Exercise brief
All lines containing the string "linetypes" must be copied from the entries.
Extracted material section start
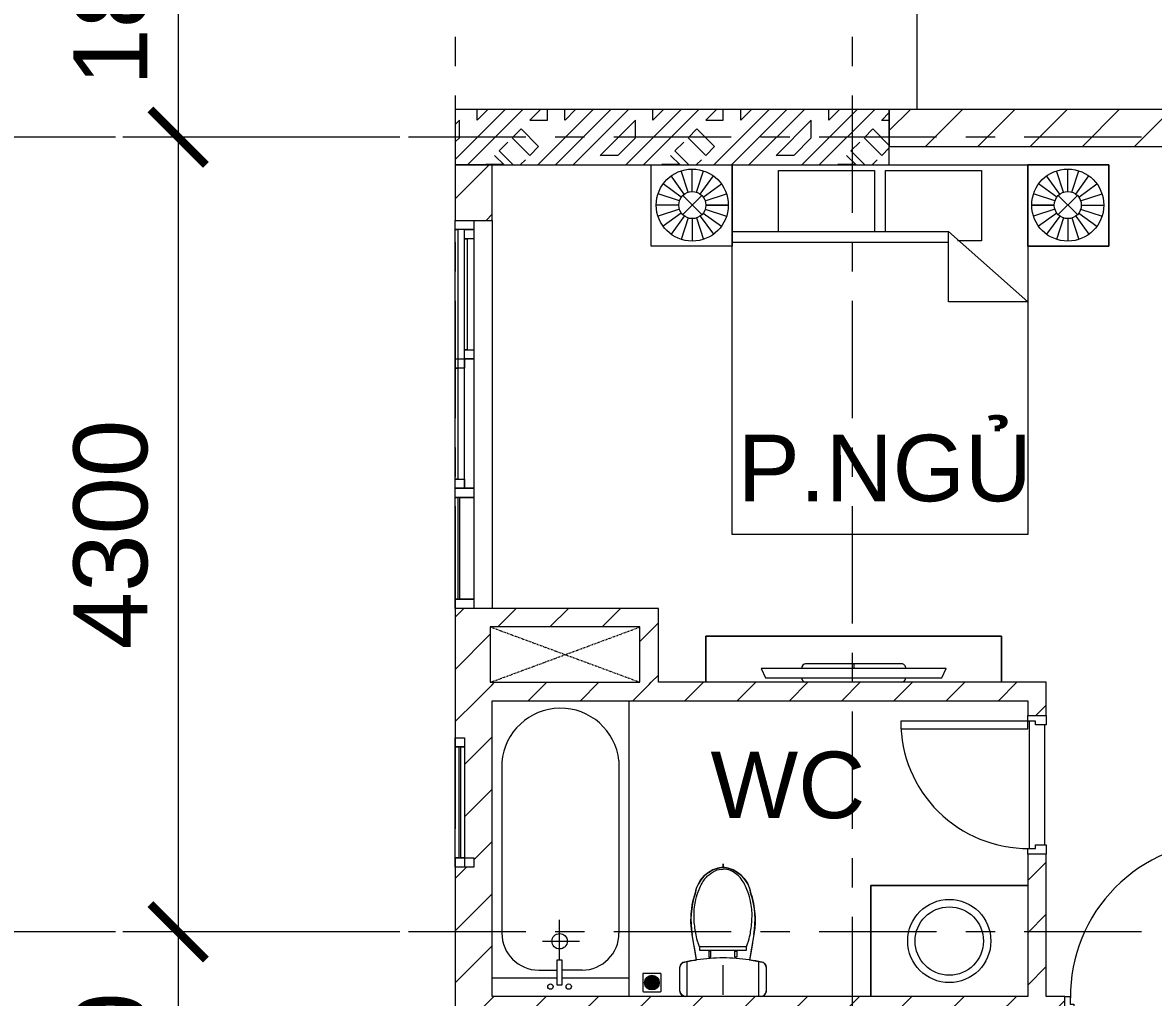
# Model space of a CAD drawing. Header units: millimetres. Extents: x -20144 to 104140, y -11426 to 48263.
# Drawn here: x -10842 to -4719, y 26495 to 31770 of the extents above; entities that cross this region are included whole.
import ezdxf

# ---------------------------------------------------------------- set-up
doc = ezdxf.new("R2010")
doc.units = ezdxf.units.MM
doc.linetypes.add('Dash', pattern=[6.35, 3.175, -3.175])
doc.linetypes.add('Grid Line', pattern=[22.225, 12.7, -3.175, 3.175, -3.175])
for name, color, linetype, lineweight in [('A-DETL-GENF', 31, 'Continuous', 5), ('A-DETL-GENF-HDLN', 161, 'Dash', 5), ('CHU', 181, 'Continuous', 5), ('CUA', 31, 'Continuous', 9), ('DIM', 1, 'Continuous', 5), ('HATCH-TUONG', 152, 'Continuous', 9), ('NET CAT', 3, 'Continuous', 5), ('NET-CAT', 3, 'Continuous', 9), ('NET-THAY', 2, 'Continuous', 15), ('THIET BI', 44, 'Continuous', 5), ('THIET-BI', 44, 'Continuous', 5), ('TRUC', 225, 'Continuous', 5)]:
    doc.layers.add(name, color=color, linetype=linetype, lineweight=lineweight)
doc.styles.add('Arial_2', font='arial_1.ttf', dxfattribs={"height": 360})
doc.styles.add('TA1', font='arial_1.ttf')
doc.dimstyles.new('D_200_KTx2', dxfattribs={"dimtxt": 400, "dimasz": 300, "dimexe": 300, "dimexo": 300, "dimgap": 160, "dimtad": 1, "dimdec": 0, "dimzin": 9, "dimtxsty": 'TA1', "dimblk": 'ARCHTICK', "dimcen": 1, "dimdle": 300, "dimclrd": 256, "dimclre": 256, "dimclrt": 7, "dimadec": 0, "dimazin": 0, "dimtfac": 1, "dimtdec": 0, "dimtix": 1, "dimtmove": 1, "dimatfit": 3, "dimldrblk": 'ARCHTICK', "dimfxl": 0, "dimtolj": 1, "dimtzin": 0, "dimlwd": -1, "dimlwe": -1, "dimarcsym": 0})
pattern_1 = [(45, (0, 0), (-141.4214, 141.4214), [])]

# ---------------------------------------------------------------- blocks, each defined once
blk = doc.blocks.new('CUA PHONG NGU - Type 1-494775-MẶT BẰNG TẦNG 4')
at = {"layer": 'CUA', "lineweight": 5}
for p, q in [((-348.5, -52.3), (-348.5, 47.7)), ((-348.5, 47.7), (-298.5, 47.7)), ((-298.5, 47.7), (-298.5, -11.3)), ((501.5, 47.7), (551.5, 47.7)), ((501.5, -11.3), (501.5, 47.7)), ((551.5, 47.7), (551.5, -52.3)), ((-318.5, -52.3), (-348.5, -52.3)), ((-318.5, -11.3), (-318.5, -52.3)), ((-298.5, -11.3), (-318.5, -11.3)), ((521.5, -11.3), (501.5, -11.3)), ((521.5, -52.3), (521.5, -11.3)), ((551.5, -52.3), (521.5, -52.3))]:
    blk.add_line(p, q, dxfattribs=at)
at = {"layer": 'CUA'}
for p, q in [((-277.5, -52.3), (-317.5, -52.3)), ((-317.5, -52.3), (-317.5, -890.3)), ((-277.5, -890.3), (-277.5, -52.3)), ((-317.5, -890.3), (-277.5, -890.3))]:
    blk.add_line(p, q, dxfattribs=at)
at = {"layer": 'CUA', "lineweight": 5}
blk.add_arc((-317.5, -52.3), 838, 270, 0.5, dxfattribs=at)
blk = doc.blocks.new('CUA WC - Type 1-827035-MẶT BẰNG TẦNG 4')
at = {"layer": 'CUA', "lineweight": 5}
for p, q in [((-273.5, -52.3), (-273.5, 47.7)), ((-273.5, 47.7), (-223.5, 47.7)), ((-223.5, 47.7), (-223.5, -11.3)), ((426.5, 47.7), (476.5, 47.7)), ((426.5, -11.3), (426.5, 47.7)), ((476.5, 47.7), (476.5, -52.3)), ((-243.5, -52.3), (-273.5, -52.3)), ((-243.5, -11.3), (-243.5, -52.3)), ((-223.5, -11.3), (-243.5, -11.3)), ((446.5, -11.3), (426.5, -11.3)), ((446.5, -52.3), (446.5, -11.3)), ((476.5, -52.3), (446.5, -52.3))]:
    blk.add_line(p, q, dxfattribs=at)
at = {"layer": 'CUA'}
for p, q in [((-202.5, -52.3), (-242.5, -52.3)), ((-242.5, -52.3), (-242.5, -740.3)), ((-202.5, -740.3), (-202.5, -52.3)), ((-242.5, -740.3), (-202.5, -740.3))]:
    blk.add_line(p, q, dxfattribs=at)
at = {"layer": 'CUA', "lineweight": 5}
blk.add_arc((-242.5, -52.3), 688, 270, 0.5, dxfattribs=at)
blk = doc.blocks.new('X-PHONG NGU 2 - X-PHONG NGU 2_Recovery_-933566-MẶT BẰNG TẦNG 4')
at = {"layer": 'CUA'}
for p, q in [((-1050, 100), (-1000, 100)), ((-1050, 0), (-1050, 100)), ((-1000, 100), (-450, 100)), ((-1000, 85), (-1000, 100)), ((-1000, 100), (-1000, 0)), ((-450, 85), (-1000, 85)), ((-1000, 75), (-450, 75)), ((-1000, 0), (-1000, 75)), ((-450, 100), (-450, 85)), ((-450, 100), (-400, 100)), ((-450, 0), (-450, 100)), ((-450, 75), (-450, 0)), ((-400, 100), (-350, 100)), ((-400, 50), (-400, 100)), ((-400, 100), (-400, 0)), ((-350, 100), (250, 100)), ((-350, 85), (-350, 100)), ((-350, 100), (-350, 50)), ((250, 85), (-350, 85)), ((250, 100), (1000, 100)), ((250, 85), (250, 100)), ((250, 100), (250, 85)), ((250, 100), (300, 100)), ((250, 50), (250, 100)), ((1000, 85), (250, 85)), ((300, 100), (300, 50)), ((1000, 100), (1000, 85)), ((1000, 100), (1050, 100)), ((1000, 0), (1000, 100)), ((1050, 100), (1050, 0)), ((-1000, 0), (-1050, 0)), ((-450, 0), (-1000, 0)), ((-400, 0), (-450, 0)), ((-400, 50), (300, 50)), ((-400, 0), (-400, 50)), ((-350, 50), (-400, 50)), ((300, 0), (-400, 0)), ((300, 50), (250, 50)), ((300, 50), (300, 0)), ((300, 50), (350, 50)), ((300, 0), (300, 50)), ((350, 0), (300, 0)), ((350, 50), (950, 50)), ((350, 35), (350, 50)), ((350, 50), (350, 0)), ((950, 35), (350, 35)), ((950, 0), (350, 0)), ((950, 50), (950, 35)), ((950, 50), (1000, 50)), ((950, 0), (950, 50)), ((1000, 0), (950, 0)), ((1000, 50), (1000, 0)), ((1050, 0), (1000, 0))]:
    blk.add_line(p, q, dxfattribs=at)
blk = doc.blocks.new('X-PHONG WC - X-PHONG WC 3-933577-MẶT BẰNG TẦNG 4')
at = {"layer": 'CUA'}
for p, q in [((300, 0), (350, 0)), ((300, -100), (300, 0)), ((350, 0), (350, -100)), ((-350, -50), (-300, -50)), ((-350, -100), (-350, -50)), ((-350, -50), (350, -50)), ((-350, -100), (-350, -50)), ((-300, -50), (300, -50)), ((-300, -70), (-300, -50)), ((-300, -50), (-300, -100)), ((300, -50), (300, -70)), ((350, -50), (350, -100)), ((-300, -100), (-350, -100)), ((350, -100), (-350, -100)), ((300, -70), (-300, -70)), ((-300, -80), (300, -80)), ((-300, -100), (-300, -80)), ((300, -100), (-300, -100)), ((300, -80), (300, -100)), ((350, -100), (300, -100))]:
    blk.add_line(p, q, dxfattribs=at)
blk = doc.blocks.new('X-GIUONG - X-GIUONG 1-V24-MẶT BẰNG TẦNG 4')
at = {"layer": 'THIET BI'}
for p, q in [((-800, 2000), (800, 2000)), ((-800, 0), (-800, 2000)), ((-800, 0), (-800, 2000)), ((-800, 2000), (800, 2000)), ((800, 2000), (800, 0)), ((800, 2000), (800, 0)), ((-800, 740), (-370, 740)), ((-370, 360), (-800, 740)), ((-370, 740), (-370, 360)), ((-1239, 439), (-800, 439)), ((-1239, 0), (-1239, 439)), ((-1239, 439), (-1239, 0)), ((-800, 439), (-1239, 439)), ((-800, 439), (-800, 0)), ((-800, 0), (-800, 439)), ((800, 439), (1239, 439)), ((800, 0), (800, 439)), ((800, 439), (1239, 439)), ((800, 0), (800, 439)), ((1239, 439), (1239, 0)), ((1239, 439), (1239, 0)), ((-1059.6, 276.6), (-1131.2, 375.2)), ((-1039.2, 287), (-1076.9, 402.9)), ((-1016.6, 290.5), (-1016.6, 412.5)), ((-993.9, 287), (-956.3, 402.9)), ((-973.5, 276.6), (-901.9, 375.2)), ((-550, 410), (-420, 410)), ((-550, 30), (-550, 410)), ((-370, 420), (800, 420)), ((973.5, 276.6), (901.9, 375.2)), ((993.9, 287), (956.3, 402.9)), ((1016.6, 290.5), (1016.6, 412.5)), ((1039.2, 287), (1076.9, 402.9)), ((1059.6, 276.6), (1131.2, 375.2)), ((-1075.8, 260.4), (-1174.4, 332.1)), ((-957.4, 260.4), (-858.7, 332.1)), ((800, 360), (-370, 360)), ((-30, 360), (-30, 30)), ((30, 30), (30, 360)), ((550, 360), (550, 30)), ((957.4, 260.4), (858.7, 332.1)), ((1075.8, 260.4), (1174.4, 332.1)), ((-1086.1, 240), (-1202.1, 277.7)), ((-1068.3, 269.1), (-964.8, 165.6)), ((-1068.3, 165.6), (-964.8, 269.1)), ((-947, 240), (-831, 277.7)), ((947, 240), (831, 277.7)), ((1068.3, 269.1), (964.8, 165.6)), ((1068.3, 165.6), (964.8, 269.1)), ((1086.1, 240), (1202.1, 277.7)), ((-1089.7, 217.4), (-1211.7, 217.4)), ((-1086.1, 194.8), (-1202.1, 157.1)), ((-947, 194.8), (-831, 157.1)), ((-943.4, 217.4), (-821.4, 217.4)), ((-821.4, 217.4), (-943.4, 217.4)), ((943.4, 217.4), (821.4, 217.4)), ((821.4, 217.4), (943.4, 217.4)), ((947, 194.8), (831, 157.1)), ((1086.1, 194.8), (1202.1, 157.1)), ((1089.7, 217.4), (1211.7, 217.4)), ((-1075.8, 174.4), (-1174.4, 102.7)), ((-1059.6, 158.2), (-1131.2, 59.5)), ((-1039.2, 147.8), (-1076.9, 31.8)), ((-1016.6, 144.2), (-1016.6, 22.2)), ((-993.9, 147.8), (-956.3, 31.8)), ((-973.5, 158.2), (-901.9, 59.5)), ((-957.4, 174.4), (-858.7, 102.7)), ((957.4, 174.4), (858.7, 102.7)), ((973.5, 158.2), (901.9, 59.5)), ((993.9, 147.8), (956.3, 31.8)), ((1016.6, 144.2), (1016.6, 22.2)), ((1039.2, 147.8), (1076.9, 31.8)), ((1059.6, 158.2), (1131.2, 59.5)), ((1075.8, 174.4), (1174.4, 102.7)), ((-800, 0), (-1239, 0)), ((-1239, 0), (-800, 0)), ((-50, 0), (-800, 0)), ((-50, 0), (-800, 0)), ((-30, 30), (-550, 30)), ((550, 30), (30, 30))]:
    blk.add_line(p, q, dxfattribs=at)
for centre, radius in [((-1016.6, 217.4), 195.1), ((1016.6, 217.4), 195.1), ((-1016.6, 217.4), 73.2), ((1016.6, 217.4), 73.2)]:
    blk.add_circle(centre, radius, dxfattribs=at)
blk = doc.blocks.new('X-TV - X-TV 3-933586-MẶT BẰNG TẦNG 4')
at = {"layer": 'THIET BI'}
for p, q in [((0, -250), (0, 0)), ((0, 0), (0, -250)), ((1600, 0), (1600, -250)), ((1600, -250), (1600, 0)), ((322.5, -25), (300, -75)), ((1277.5, -25), (322.5, -25)), ((1300, -75), (1277.5, -25)), ((300, -75), (1300, -75)), ((540, -100), (1060, -100)), ((800, -100), (800, -75)), ((1600, -250), (0, -250)), ((0, -250), (1600, -250))]:
    blk.add_line(p, q, dxfattribs=at)
for centre, start_param, end_param in [((540, -25), 0, 1.570796), ((1060, -25), 4.712389, 6.283185), ((540, -75), 1.570796, 3.141593), ((1060, -75), 3.141593, 4.712389)]:
    blk.add_ellipse(centre, major_axis=(0, 25), ratio=0.9, start_param=start_param, end_param=end_param, dxfattribs=at)
blk = doc.blocks.new('X-XI - X-XI-933589-MẶT BẰNG TẦNG 4')
at = {"layer": 'THIET-BI'}
for p, q in [((-87.5, 664.8), (-69.9, 676.9)), ((-69.9, 676.9), (-49.6, 687.2)), ((-49.6, 687.2), (-19.9, 696.9)), ((-19.9, 696.9), (0, 700.2)), ((0, 717.2), (0, 712.5)), ((0, 716.9), (0, 717.2)), ((0, 710.2), (0, 716.9)), ((0, 702.7), (0, 715.9)), ((0, 712.5), (0, 700.2)), ((0, 700.3), (0, 710.2)), ((0, 700.2), (0, 702.7)), ((0, 700.2), (34.6, 692.9)), ((34.6, 692.9), (60.8, 681.9)), ((60.8, 681.9), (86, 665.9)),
Extracted material section end
Written solution
doc.linetypes.add('Dash', pattern=[6.35, 3.175, -3.175])
doc.linetypes.add('Grid Line', pattern=[22.225, 12.7, -3.175, 3.175, -3.175])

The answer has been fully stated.